WHAT YOU HAVE TO DO
Repeat the lines below exactly as written, please, from the line with "F1_DEPTH = 5" to the line with "# F4 (radius", both lines included, and no others.

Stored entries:
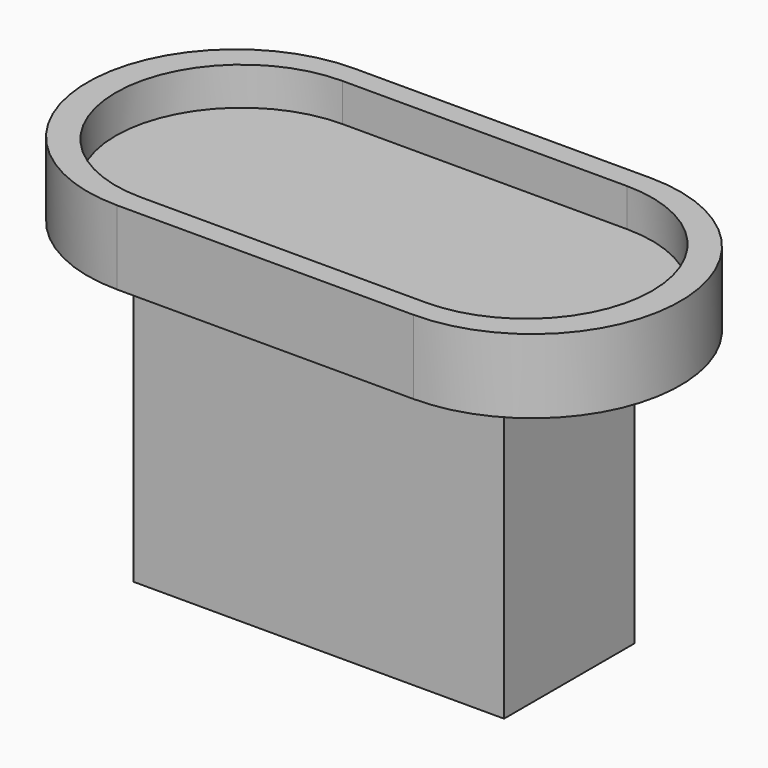
from build123d import *

# Parameters (mm, degrees)
F1_DEPTH = 6.35
F2_W     = 31.75
F2_H     = 13.97
F3_DEPTH = 25.4
F5_DEPTH = 3.2512


# Not quite as in the source:
# - a feature names something its author has since deleted; it is built from what else it names


with BuildPart() as f1:
    # F0 (on Top) → F1 (new body)
    with BuildSketch(Plane.XY):
        with BuildLine():
            Line((-12.7, -12.7), (12.7, -12.7))
            ThreePointArc((12.7, -12.7), (25.4, 0), (12.7, 12.7))
            Line((12.7, 12.7), (-12.7, 12.7))
            ThreePointArc((-12.7, 12.7), (-25.4, 0), (-12.7, -12.7))
        make_face()
    extrude(amount=F1_DEPTH)

    # F2 (on face) → F3 (join)
    with BuildSketch(Plane(origin=(0, 0, 0), x_dir=(1, 0, 0), z_dir=(0, 0, -1))):
        Rectangle(F2_W, F2_H)
    extrude(amount=F3_DEPTH)

    # F4 (on face) → F5 (cut)
    with BuildSketch(Plane.XY.offset(6.35)):
        with BuildLine():
            Line((-12.192, -10.795), (12.192, -10.795))
            ThreePointArc((12.192, -10.795), (22.987, 0), (12.192, 10.795))
            Line((12.192, 10.795), (-12.192, 10.795))
            ThreePointArc((-12.192, 10.795), (-22.987, 0), (-12.192, -10.795))
        make_face()
    extrude(amount=-F5_DEPTH, mode=Mode.SUBTRACT)


solid = f1.part
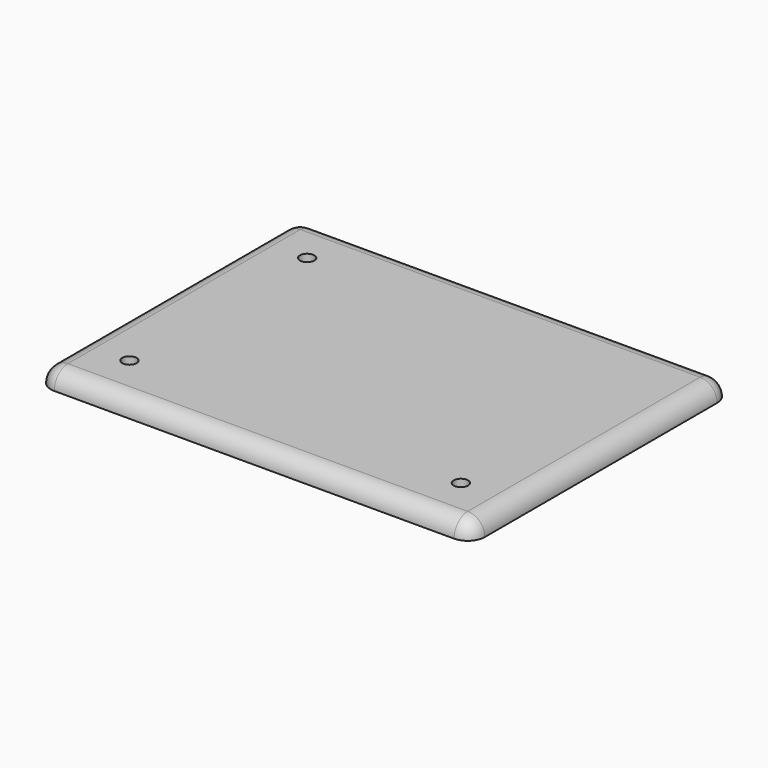
from build123d import *

# Parameters (mm, degrees)
F0_W     = 127
F0_H     = 95
F1_DEPTH = 5
F2_R     = 2.1
F3_DEPTH = 5.001
F4_R     = 4.99999


# Not quite as in the source:
# - a fillet or chamfer is up to 0.001 mm smaller than in the source, because OpenCascade refuses the exact size


with BuildPart() as f1:
    # F0 (on Top) → F1 (new body)
    with BuildSketch(Plane.XY):
        with Locations((1.5311012896, -0.0675843805)):
            Rectangle(F0_W, F0_H)
    extrude(amount=F1_DEPTH)

    # F2 (on face) → F3 (cut, through all)
    with BuildSketch(Plane.XY.offset(5)):
        with Locations((-46.9688987104, 32.4324156195)):
            Circle(F2_R)
        with Locations((-46.9688987104, -32.5675843805)):
            Circle(F2_R)
        with Locations((50.0311012896, -32.5675843805)):
            Circle(F2_R)
    extrude(amount=-F3_DEPTH, mode=Mode.SUBTRACT)

    # F4 (radius 5 in the source; OpenCascade refuses exactly that, so slightly less here)
    f4_edges = [f1.edges().sort_by_distance(p)[0] for p in [
        (1.531101, 47.432416, 5),
        (65.031101, -0.067584, 5),
        (-61.968899, -0.067584, 5),
        (1.531101, -47.567584, 5),
        (-61.968899, -47.567584, 2.5),
        (-61.968899, 47.432416, 2.5),
        (65.031101, 47.432416, 2.5),
        (65.031101, -47.567584, 2.5),
    ]]
    fillet(f4_edges, radius=F4_R)


solid = f1.part
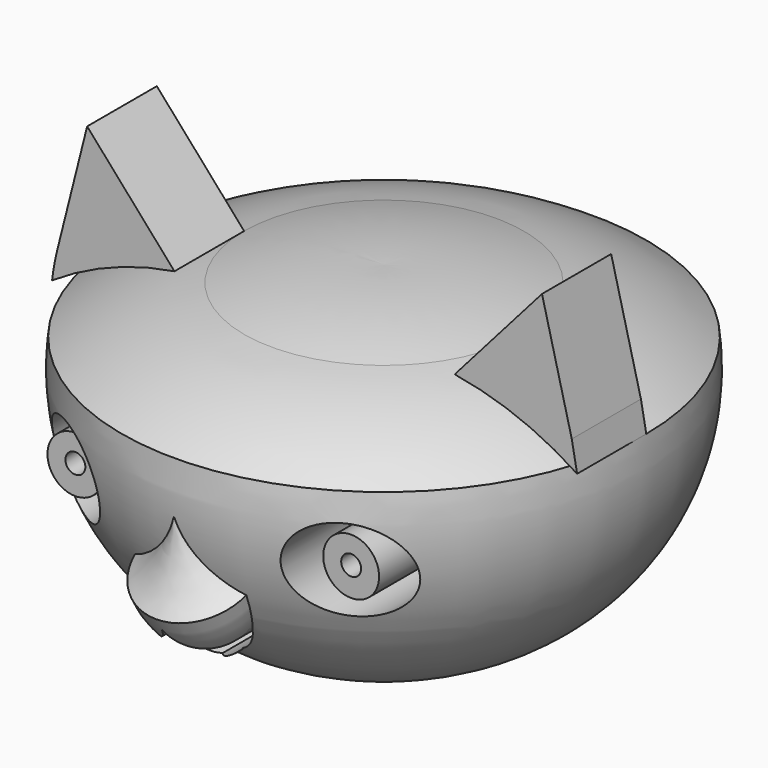
from build123d import *

# Parameters (mm, degrees)
F2_DEPTH      = 24.85668
F3_DEPTH      = 25.04527
F4_R          = 13.1489437665
F5_DEPTH      = 75.8785949149
F5_DEPTH_BACK = 25.4
F8_R          = 8.0324492067
F9_DEPTH      = 61.36749
F10_R         = 2.8666326471
F11_DEPTH     = 76.2
F14_DEPTH     = 25.4
F15_DEPTH     = 81.8650590714


# Not quite as in the source:
# - the program builds the solid bodies; features that only make, move or delete a surface that nothing else refers to are left out


with BuildPart() as f1:
    # F0 (on Front) → F1 (revolve)
    with BuildSketch(Plane.XZ):
        with BuildLine():
            Line((0, -64.6070092916), (0, 26.6700014472))
            ThreePointArc((0, 26.6700014472), (-20.2839717245, 25.9259113763), (-40.2189306915, 22.1061483026))
            ThreePointArc((-40.2189306915, 22.1061483026), (-58.5524469647, 17.1204069046), (-75.414945718, 8.3664608215))
            ThreePointArc((-75.414945718, 8.3664608215), (-55.793548621, -46.8114563829), (0, -64.6070092916))
        make_face()
    revolve(axis=Axis((0, 0, -18.9685039222), (0, 0, -1)))

    # F4 (on Front) → F5 (cut, two sides)
    with BuildSketch(Plane.XZ) as f5_sk:
        with Locations((-39.3632091582, -12.6932086423)):
            Circle(F4_R)
        with Locations((39.3632091582, -12.6932086423)):
            Circle(F4_R)
    extrude(amount=F5_DEPTH, mode=Mode.SUBTRACT)
    extrude(f5_sk.sketch, amount=-F5_DEPTH_BACK, mode=Mode.SUBTRACT)

    # F6 (on Right) → F7 (revolve)
    with BuildSketch(Plane.YZ):
        with BuildLine():
            ThreePointArc((-75.5887702107, -6.4179147594), (-76.967885123, -18.5845814047), (-81.8640589714, -29.8076476902))
            ThreePointArc((-81.8640589714, -29.8076476902), (-70.4255242509, -42.7414452162), (-54.1957207024, -48.633530736))
            Line((-54.1957207024, -48.633530736), (-75.5887702107, -6.4179147594))
        make_face()
    revolve(axis=Axis((0, -64.8922454566, -27.5257227477), (0, 0.4520287519, -0.8920033674)))

    # F13 (on Front) → F14 (cut)
    with BuildSketch(Plane.XZ):
        with BuildLine():
            ThreePointArc((0, -33.230535686), (-6.4422735782, -38.6430436558), (-13.6915519834, -34.3714989722))
            ThreePointArc((-13.6915519834, -34.3714989722), (-8.4358947574, -42.8073922995), (0, -48.0630472302))
            ThreePointArc((0, -48.0630472302), (8.4358947574, -42.8073922995), (13.6915519834, -34.3714989722))
            ThreePointArc((13.6915519834, -34.3714989722), (6.4422735782, -38.6430436558), (0, -33.230535686))
        make_face()
    extrude(amount=F14_DEPTH, mode=Mode.SUBTRACT)

    # F13 (on Front) → F15 (cut, through all)
    with BuildSketch(Plane.XZ):
        with BuildLine():
            ThreePointArc((0, -33.230535686), (-6.4422735782, -38.6430436558), (-13.6915519834, -34.3714989722))
            ThreePointArc((-13.6915519834, -34.3714989722), (-8.4358947574, -42.8073922995), (0, -48.0630472302))
            ThreePointArc((0, -48.0630472302), (8.4358947574, -42.8073922995), (13.6915519834, -34.3714989722))
            ThreePointArc((13.6915519834, -34.3714989722), (6.4422735782, -38.6430436558), (0, -33.230535686))
        make_face()
    extrude(amount=F15_DEPTH, mode=Mode.SUBTRACT)


with BuildPart() as f2:
    # F0 (on Front) → F2 (new body)
    with BuildSketch(Plane.XZ):
        with BuildLine():
            Line((65.3201043606, 50.6302118301), (40.2189306915, 22.1061483026))
            ThreePointArc((40.2189306915, 22.1061483026), (58.5524469647, 17.1204069046), (75.414945718, 8.3664608215))
            Line((75.414945718, 8.3664608215), (73.8773271441, 16.6865773499))
            Line((73.8773271441, 16.6865773499), (65.3201043606, 50.6302118301))
        make_face()
    extrude(amount=F2_DEPTH)


with BuildPart() as f3:
    # F0 (on Front) → F3 (new body)
    with BuildSketch(Plane.XZ):
        with BuildLine():
            ThreePointArc((-75.414945718, 8.3664608215), (-58.5524469647, 17.1204069046), (-40.2189306915, 22.1061483026))
            Line((-40.2189306915, 22.1061483026), (-65.3201043606, 50.6302118301))
            Line((-65.3201043606, 50.6302118301), (-73.8773271441, 16.6865773499))
            ThreePointArc((-73.8773271441, 16.6865773499), (-74.7797401426, 12.5512100318), (-75.414945718, 8.3664608215))
        make_face()
    extrude(amount=F3_DEPTH)


with BuildPart() as f9:
    # F8 (on Front) → F9 (new body)
    with BuildSketch(Plane.XZ):
        with Locations((-39.648450911, -11.8374861777)):
            Circle(F8_R)
    extrude(amount=F9_DEPTH)


with BuildPart() as f9b:
    # F8 (on Front) → F9, piece 2 (new body)
    with BuildSketch(Plane.XZ):
        with Locations((39.648450911, -11.8374861777)):
            Circle(F8_R)
    extrude(amount=F9_DEPTH)


with BuildPart() as f11_tool:
    # F10 (on Front) → F11 (new body)
    with BuildSketch(Plane.XZ):
        with Locations((-39.648450911, -11.5522462875)):
            Circle(F10_R)
        with Locations((39.648450911, -11.5522462875)):
            Circle(F10_R)
    extrude(amount=F11_DEPTH)


with BuildPart() as f9_1:
    add(f9.part)

    # F11: cut by f11_tool
    add(f11_tool.part, mode=Mode.SUBTRACT)


with BuildPart() as f9b_1:
    add(f9b.part)

    # F11: cut by f11_tool
    add(f11_tool.part, mode=Mode.SUBTRACT)


solid = Compound([f1.part, f2.part, f3.part, f9_1.part, f9b_1.part])

SOLVED EXERCISE
F1_DEPTH = 5
F2_R     = 2.1
F3_DEPTH = 5.001
F4_R     = 4.99999


# Not quite as in the source:
# - a fillet or chamfer is up to 0.001 mm smaller than in the source, because OpenCascade refuses the exact size


with BuildPart() as f1:
    # F0 (on Top) → F1 (new body)
    with BuildSketch(Plane.XY):
        with Locations((1.5311012896, -0.0675843805)):
            Rectangle(F0_W, F0_H)
    extrude(amount=F1_DEPTH)

    # F2 (on face) → F3 (cut, through all)
    with BuildSketch(Plane.XY.offset(5)):
        with Locations((-46.9688987104, 32.4324156195)):
            Circle(F2_R)
        with Locations((-46.9688987104, -32.5675843805)):
            Circle(F2_R)
        with Locations((50.0311012896, -32.5675843805)):
            Circle(F2_R)
    extrude(amount=-F3_DEPTH, mode=Mode.SUBTRACT)

    # F4 (radius 5 in the source; OpenCascade refuses exactly that, so slightly less here)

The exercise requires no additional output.